- DATA SECTION -
□ □ □
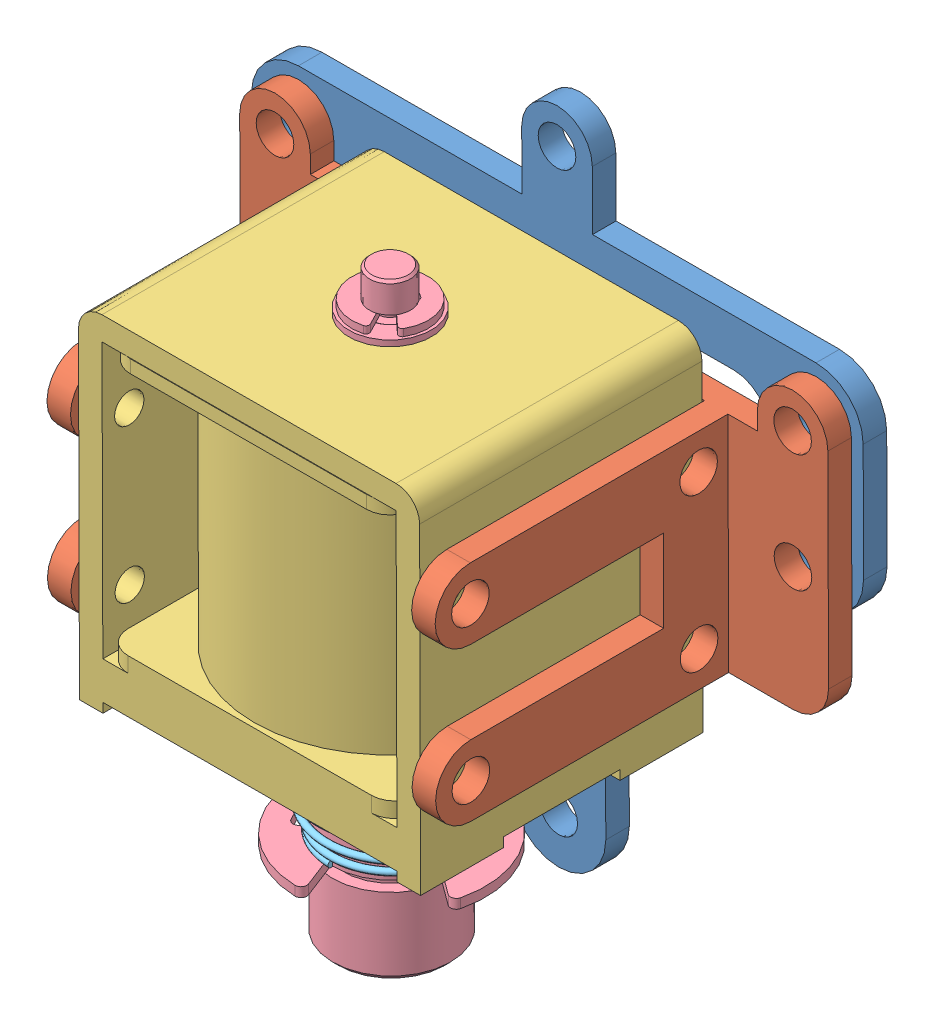
SolidWorks assembly Aimbot-S Swing, configuration Default. Lengths in mm.
Overall size (52.17 56.16 28.9).
6 component instances, 5 part files, 8 mates.
Components (placement in the parent):
- Aimbot Swing-1: Aimbot Swing [Default] at (64.9586 191.5313 171.8045) x (0.999995 0.003011 0) z (0.003011 -0.999995 0) size (52 2 56)
- CB1029 Kicker Stand-2: CB1029 Kicker Stand [Default] at (79.5263 169.075 197.7045) x (0 0 -1) z (0.999995 0.003011 0) size (26.9 23.5 50)
- INPUT kicker-4: INPUT kicker [Default] at (67.8693 174.4365 188.2528) x (-0.999995 -0.003011 0) z (0 0 1) size (29 49.3 24.1)
  - Part5^w_cb1029A-1: Part5^w_cb1029A [Default] at (2.8592 11.2966 11.7516) size (29 29.6 24.1)
  - Part1^w_cb1029A_pl-1: Part1^w_cb1029A_pl [Default] at (2.8592 29.7903 -0.2484) x (-0.794223 0 -0.607626) z (0 1 0) size (16 14.34 49.3)
  - w_21053081-1: w_21053081 [Default] at (2.8631 13.1716 -0.3303) size (16.55 9.4 16.57)
Mates (geometry in assembly coordinates):
- Coincident17: coincident anti-aligned: plane of Aimbot Swing-1 through (64.9586 191.5313 173.8045) normal (0 0 1); plane of CB1029 Kicker Stand-2 through (79.5353 166.075 173.8045) normal (0 0 -1)
- Coincident21: coincident anti-aligned: plane of CB1029 Kicker Stand-2 through (50.5264 168.9877 197.7045) normal (0.999995 0.003011 0); plane of INPUT kicker-4/Part5^w_cb1029A-1 through (50.4692 187.9876 176.0045) normal (-0.999995 -0.003011 0)
- Concentric45: concentric aligned: cylinder of CB1029 Kicker Stand-2 through (81.4872 182.081 178.3045) axis (-0.999995 -0.003011 0) radius 1.6; cylinder of INPUT kicker-4/Part5^w_cb1029A-1 through (79.4872 182.075 178.3045) axis (-0.999995 -0.003011 0) radius 1.25
- Concentric46: concentric aligned: cylinder of CB1029 Kicker Stand-2 through (81.5263 169.081 197.7045) axis (-0.999995 -0.003011 0) radius 1.6; cylinder of INPUT kicker-4/Part5^w_cb1029A-1 through (79.5263 169.075 197.7045) axis (-0.999995 -0.003011 0) radius 1.25
- Concentric49: concentric aligned: cylinder of Aimbot Swing-1 through (86.9736 186.5975 173.8045) axis (0 0 -1) radius 1.6; cylinder of CB1029 Kicker Stand-2 through (86.9736 186.5975 183.8045) axis (0 0 -1) radius 1.6
- Concentric50: concentric aligned: cylinder of Aimbot Swing-1 through (42.9738 186.465 173.8045) axis (0 0 -1) radius 1.6; cylinder of CB1029 Kicker Stand-2 through (42.9738 186.465 183.8045) axis (0 0 -1) radius 1.6
- Concentric51: concentric aligned: cylinder of Aimbot Swing-1 through (43.0039 176.4651 173.8045) axis (0 0 -1) radius 1.6; cylinder of CB1029 Kicker Stand-2 through (43.0039 176.4651 183.8045) axis (0 0 -1) radius 1.6
- Concentric52: concentric aligned: cylinder of Aimbot Swing-1 through (87.0037 176.5976 173.8045) axis (0 0 -1) radius 1.6; cylinder of CB1029 Kicker Stand-2 through (87.0037 176.5976 183.8045) axis (0 0 -1) radius 1.6
□ □ □
- WHAT TO PRODUCE -
In how many lines of the records does the word "assembly" appear? Reply with the number only.

- ANSWER BELOW -
2